We're hiring!
*

Alex's work experience at Collabora

Alex Shtyrov avatar

Alex Shtyrov
August 06, 2015

Share this post:

Reading time:

Work experience at Collabora was, of course, an interesting experience, to say the least. I, as a 14-year-old work experience student there, was exposed to many new ideas, concepts and experiences at Collabora, and it helped me assess the realities of software engineering, both good and bad (though mostly good).

During my stay, I worked on testing Evolution Data Server (EDS), an open source project which provides a system for unifying contacts, and is a back end for the Evolution application on GNOME. I focused mainly on the vCard parsing capabilities of EDS. vCard is a common electronic business card format, consisting of a set of key-value pairs. The keys (known as attributes) can also be accompanied by parameters. Admittedly, the project posed a challenge to me, as I had never before worked with open source software, or, in fact, any large software project.

Day 1 went fairly smoothly, as far as first days go - induction talk, meeting the staff, learning to use the coffee machine, safety talk, being introduced to the project. Yes, there were issues with my e-mail account, and, naturally, JHBuild, which I was using to build EDS, failed to install the correct dependencies. This meant 2 painful hours of manually installing the countless dependencies of EDS. But I was learning, and that was the main thing.

With the set-up stage complete, Day 2 was spent planning, which was mostly an exercise in specification reading (RFC 6350, the vCard specification, dominated). Then, I wrote a set of acceptance criteria and split the project up into tasks, which were uploaded to Phabricator. All of this was completely alien to me, however, with the help of my co-workers, the documents were swiftly completed.

Development started in earnest on Day 3. The plan was to split the project into 2 parts - a set of vCards, both valid and invalid, and a small program which would pass the vCards to EDS. The program, which was written in C, was fairly simple, with vCards being read into a string using the GLib g_file_get_contents() function. This string was then passed to the EDS e_vcard_new_from_string() function, which returns an EVCard object, which represents a vCard. Initially, we expected the parser to simply return NULL or an empty EVCard object if it was passed an invalid vCard, but it turned out that the parser is, in fact, very fault-tolerant and always tries to return something. This made the task somewhat harder, so I was told concentrate on trying to make EDS crash, hang, or exhibit weird write activity which could potentially be exploited.

Since my project was an educational one, it made sense to try out a range of testing techniques, all of which were aimed at generating input which would make EDS crash, hang or perform an invalid write operation. First of all, my efforts manifested themselves in a simple fuzzer script, written in Python. This script, when passed a file, would select a random section of the file of size 10% and replace it with random characters.
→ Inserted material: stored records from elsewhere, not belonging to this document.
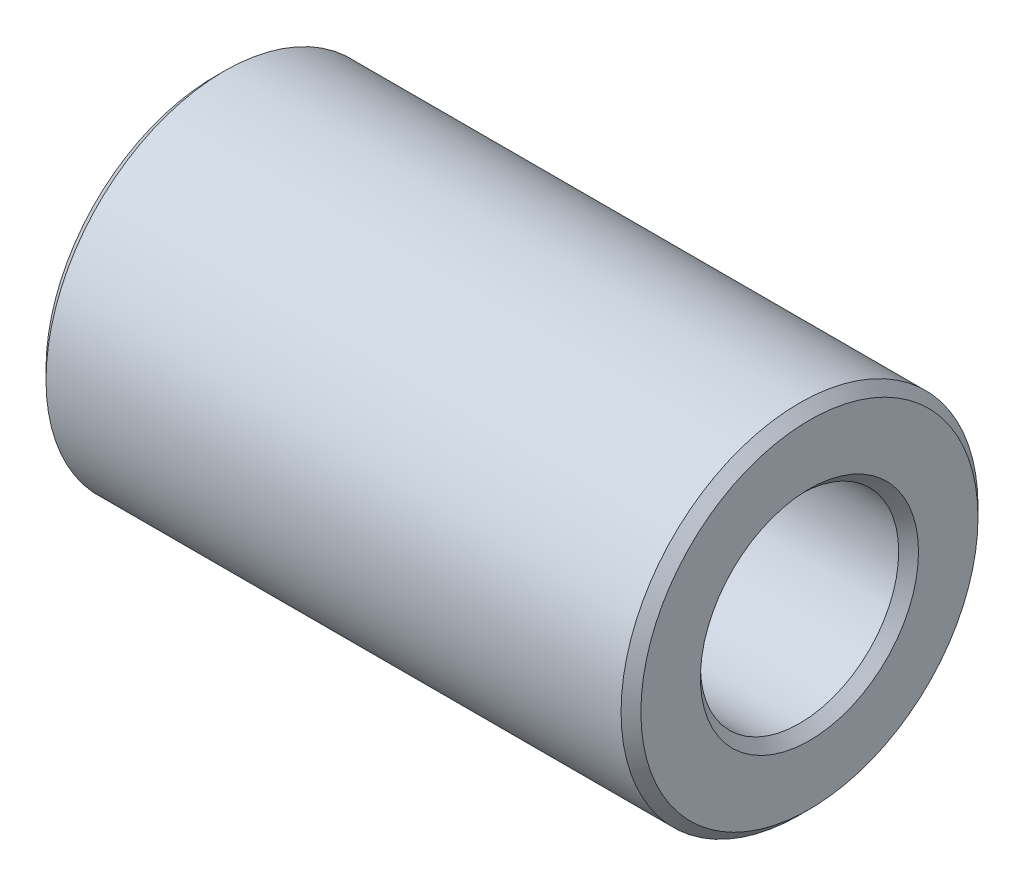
from build123d import *

# Parameters (mm, degrees)
ESQUISSE1_W     = 30
ESQUISSE1_H     = 4
CHANFREIN1_SIZE = 0.5


with BuildPart() as part:
    # Esquisse1 → Base-R_vol.-Mince (revolve)
    with BuildSketch(Plane.XY, mode=Mode.PRIVATE) as base_r_vol_mince_sk:
        with Locations((0, 7)):
            Rectangle(ESQUISSE1_W, ESQUISSE1_H)
    revolve(base_r_vol_mince_sk.sketch.rotate(Axis((0, 0, 0), (1, 0, 0)), 90), axis=Axis((0, 0, 0), (1, 0, 0)))

    # Chanfrein1
    chanfrein1_edges = [part.edges().sort_by_distance(p)[0] for p in [
        (15, 0, -5),
        (15, 0, -9),
        (-15, 0, -9),
        (-15, 0, -5),
    ]]
    chamfer(chanfrein1_edges, length=CHANFREIN1_SIZE)


solid = part.part

Unfortunately, this script failed to generate any useful results (apart from a few memory leaks, but more on that later).

On Day 5, I was demonstrated the capabilities American Fuzzy Lop (rather unhelpfully also the name of a breed of rabbit, as I found out upon an attempt to Google it), an advanced fuzz testing tool. It ran over the weekend and, as my much simpler fuzzer script, failed to generate any useful results, by which I was greatly saddened. Trawling through bug reports was likewise of little use.

A more exciting outcome came from abnfgen, a tool which uses the ABNF (Augmented Backus-Naur form, a metalanguage used in RFC specifications) in the vCard specification to generate lots of vCards, which should be valid. I generated 1000 vCards using abnfgen, and found a problem almost instantly - the parser hung upon being passed one of the vCards. Now, all that was left to do was to find where in the several thousand lines of code the issue lay. The GNU Debugger (GDB) helped pinpoint the approximate location of the issue, but after that it was really a matter of sticking print statements (or g_printerr statements, to be precise) absolutely everywhere. Eventually, I found that EDS got stuck in an infinite loop if it was passed a vCard with 2 consecutive commas in the list of parameters.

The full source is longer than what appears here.